Rh Factor Inheritance
The Rh factor, commonly referred to as positive (+) or negative (-), represents another blood group system with a simpler inheritance pattern. This trait is determined by a single gene with two alleles: D (dominant) and d (recessive). The presence of the D allele results in the Rh-positive phenotype, meaning the D antigen is present on the red blood cells.
Individuals who are homozygous dominant (DD) or heterozygous (Dd) will be Rh-positive. The ‘d’ allele is recessive, indicating the absence of the D antigen. A person will only be Rh-negative if they inherit two copies of the ‘d’ allele (genotype dd).
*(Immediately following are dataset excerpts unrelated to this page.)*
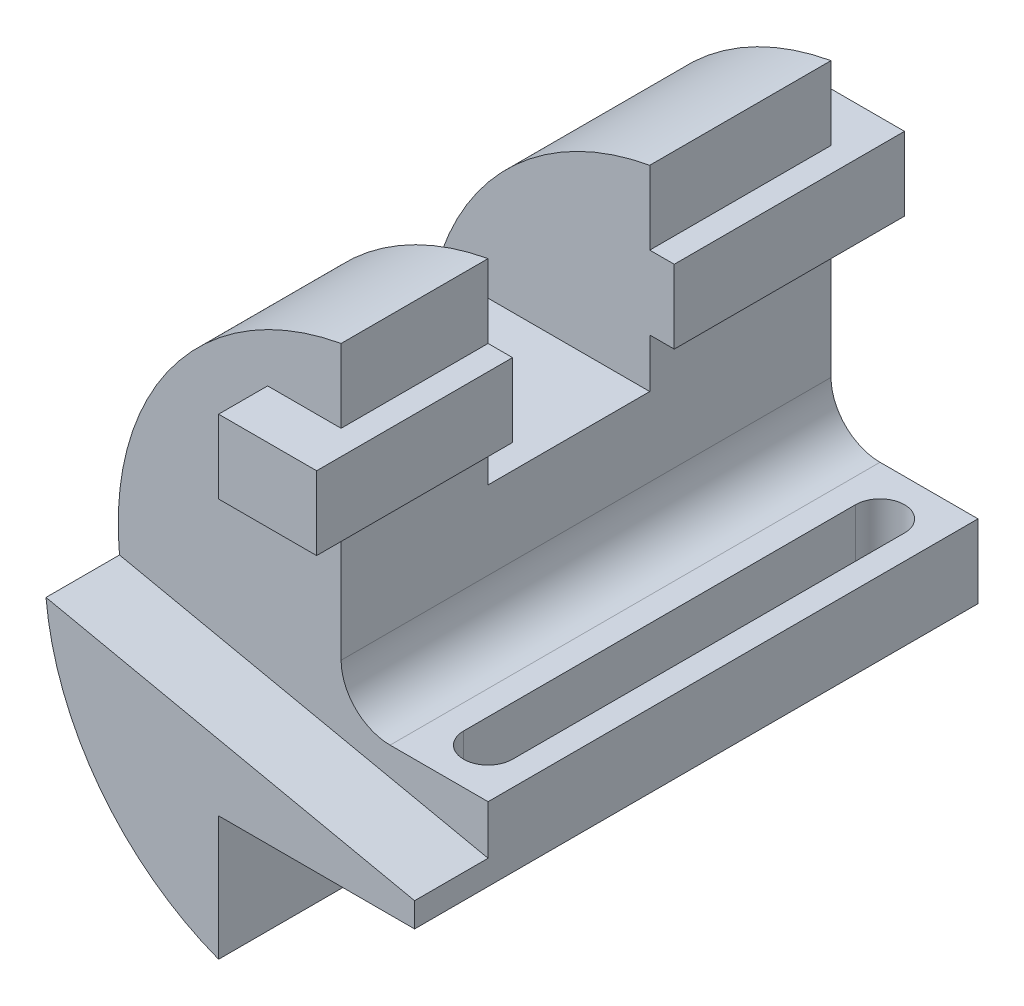
SolidWorks part; units mm, degrees
material "1060 Alloy"
ref_plane "Front Plane" through (0, 0, 0) normal (0, 0, 1) x (1, 0, 0)
ref_plane "Top Plane" through (0, 0, 0) normal (0, 1, 0) x (1, 0, 0)
ref_plane "Right Plane" through (0, 0, 0) normal (1, 0, 0) x (0, 0, -1)
sketch "Sketch1" plane through (0, 0, 0) normal (0, 0, 1) x (1, 0, 0)
  line L0 (0, 55) -> (0, -55) construction
  line L1 (-55.5, 0) -> (55, 0) construction
  line L2 (-10, 54.5917) -> (-10, -1.4083)
  line L3 (0, -11.4083) -> (20, -11.4083)
  line L4 (20, -11.4083) -> (20, -26.4083)
  line L5 (20, -26.4083) -> (-20, -26.4083)
  line L6 (-20, -26.4083) -> (-20, -51.7711)
  arc A1 (-10, 54.5917) -> (-20, -51.7711) centre (0, 0) ccw
  arc A3 (-10, -1.4083) -> (0, -11.4083) centre (0, -1.4083) ccw
  dimension "D1" = 111
  dimension "D2" = 66
  dimension "D4" = 10
  dimension "D5" = 15
  dimension "D3" = 10
  dimension "D6" = 40
  dimension "D7" = 20
extrude "Boss-Extrude1" add sketch "Sketch1" along normal blind 100
sketch "Sketch4" plane through (-10, 0, 0) normal (1, 0, 0) x (0, 0, -1)
  line L0 (-70, 54.5917) -> (-70, 14.5917)
  line L1 (-100, 54.5917) -> (0, 54.5917) construction
  line L2 (-70, 14.5917) -> (-37, 14.5917)
  line L3 (-37, 14.5917) -> (-37, 54.5917)
  line L4 (-37, 54.5917) -> (-70, 54.5917)
  dimension "D1" = 30
  dimension "D2" = 33
  dimension "D3" = 40
extrude "Cut-Extrude1" cut sketch "Sketch4" against normal up to next
sketch "Sketch5" plane through (-10, 0, 0) normal (1, 0, 0) x (0, 0, -1)
  line L0 (-70, 39.5917) -> (-110, 39.5917)
  line L1 (-70, 54.5917) -> (-70, 14.5917) construction
  line L2 (-110, 39.5917) -> (-110, 24.5917)
  line L3 (-110, 24.5917) -> (-70, 24.5917)
  line L4 (-70, 24.5917) -> (-70, 39.5917)
  dimension "D1" = 15
  dimension "D2" = 15
  dimension "D3" = 40
extrude "Boss-Extrude2" add sketch "Sketch5" along normal mid plane 30
sketch "Sketch6" plane through (5, 0, 0) normal (1, 0, 0) x (0, 0, -1)
  line L0 (-110, 24.5917) -> (-110, 39.5917)
  line L1 (-110, 39.5917) -> (-70, 39.5917)
  line L2 (-70, 39.5917) -> (-70, 24.5917)
  line L3 (-70, 24.5917) -> (-110, 24.5917)
extrude "Cut-Extrude2" cut sketch "Sketch6" against normal blind 10
sketch "Sketch7" plane through (-10, 0, 0) normal (1, 0, 0) x (0, 0, -1)
  line L0 (-37, 39.5917) -> (10, 39.5917)
  line L1 (-37, 14.5917) -> (-37, 54.5917) construction
  line L2 (-37, 24.5917) -> (10, 24.5917)
  line L3 (10, 24.5917) -> (10, 39.5917)
  line L4 (-37, 24.5917) -> (-37, 39.5917)
  line L5 (0, -1.4083) -> (0, 54.5917) construction
  dimension "D1" = 15
  dimension "D2" = 15
  dimension "D3" = 10
extrude "Boss-Extrude3" add sketch "Sketch7" along normal mid plane 10
sketch "Sketch8" plane through (-5, 0, 0) normal (1, 0, 0) x (0, 0, -1)
  line L0 (-37, 39.5917) -> (-37, 24.5917)
  line L1 (-37, 24.5917) -> (10, 24.5917)
  line L2 (10, 24.5917) -> (10, 39.5917)
  line L3 (10, 39.5917) -> (-37, 39.5917)
extrude "Boss-Extrude4" add sketch "Sketch8" against normal blind 20
sketch "Sketch9" plane through (0, -11.4083, 0) normal (0, 1, 0) x (1, 0, 0)
  line L0 (10, -10) -> (10, -90) construction
  line L1 (15, -10) -> (15, -90)
  line L2 (5, -10) -> (5, -90)
  line L3 (20, -50) -> (0, -50) construction
  line L4 (20, -100) -> (20, 0) construction
  line L5 (0, -100) -> (0, 0) construction
  arc A0 (15, -10) -> (5, -10) centre (10, -10) ccw
  arc A1 (5, -90) -> (15, -90) centre (10, -90) ccw
  point P2 (10, -50)
  dimension "D2" = 5
  dimension "D1" = 80
extrude "Cut-Extrude3" cut sketch "Sketch9" against normal through all
sketch "Sketch10" plane through (0, 0, 100) normal (0, 0, 1) x (1, 0, 0)
  line L0 (20, -26.4083) -> (20, -21.4083)
  line L1 (20, -26.4083) -> (20, -11.4083) construction
  line L2 (20, -21.4083) -> (-55.235, -5.4166)
  line L3 (20, -26.4083) -> (-20, -26.4083)
  line L4 (-20, -26.4083) -> (-20, -51.7711)
  arc A0 (-10, 54.5917) -> (-20, -51.7711) centre (0, 0) ccw construction
  arc A1 (-55.235, -5.4166) -> (-20, -51.7711) centre (-0.4684, -0.356) ccw
  dimension "D1" = 5
  dimension "D3" = 55
  dimension "D2" = 78
extrude "Boss-Extrude5" add sketch "Sketch10" along normal blind 15
equation "\"A\"= 55.50"
equation "\"B\"= 66"
equation "\"C\"= 33"

Combining Blood Type Inheritance
A person’s full blood type is a combination of their ABO blood group and their Rh factor, inherited independently. For example, someone might be A positive (A+) or O negative (O-). The principles of inheritance for both systems allow for the prediction of possible blood types in offspring based on the parents’ genotypes.
Parents each contribute one allele for the ABO system and one for the Rh system to their child. Understanding these inheritance patterns is important for medical purposes, such as ensuring blood compatibility for transfusions and managing Rh incompatibility in pregnancies, where an Rh-negative mother carrying an Rh-positive fetus can sometimes face complications.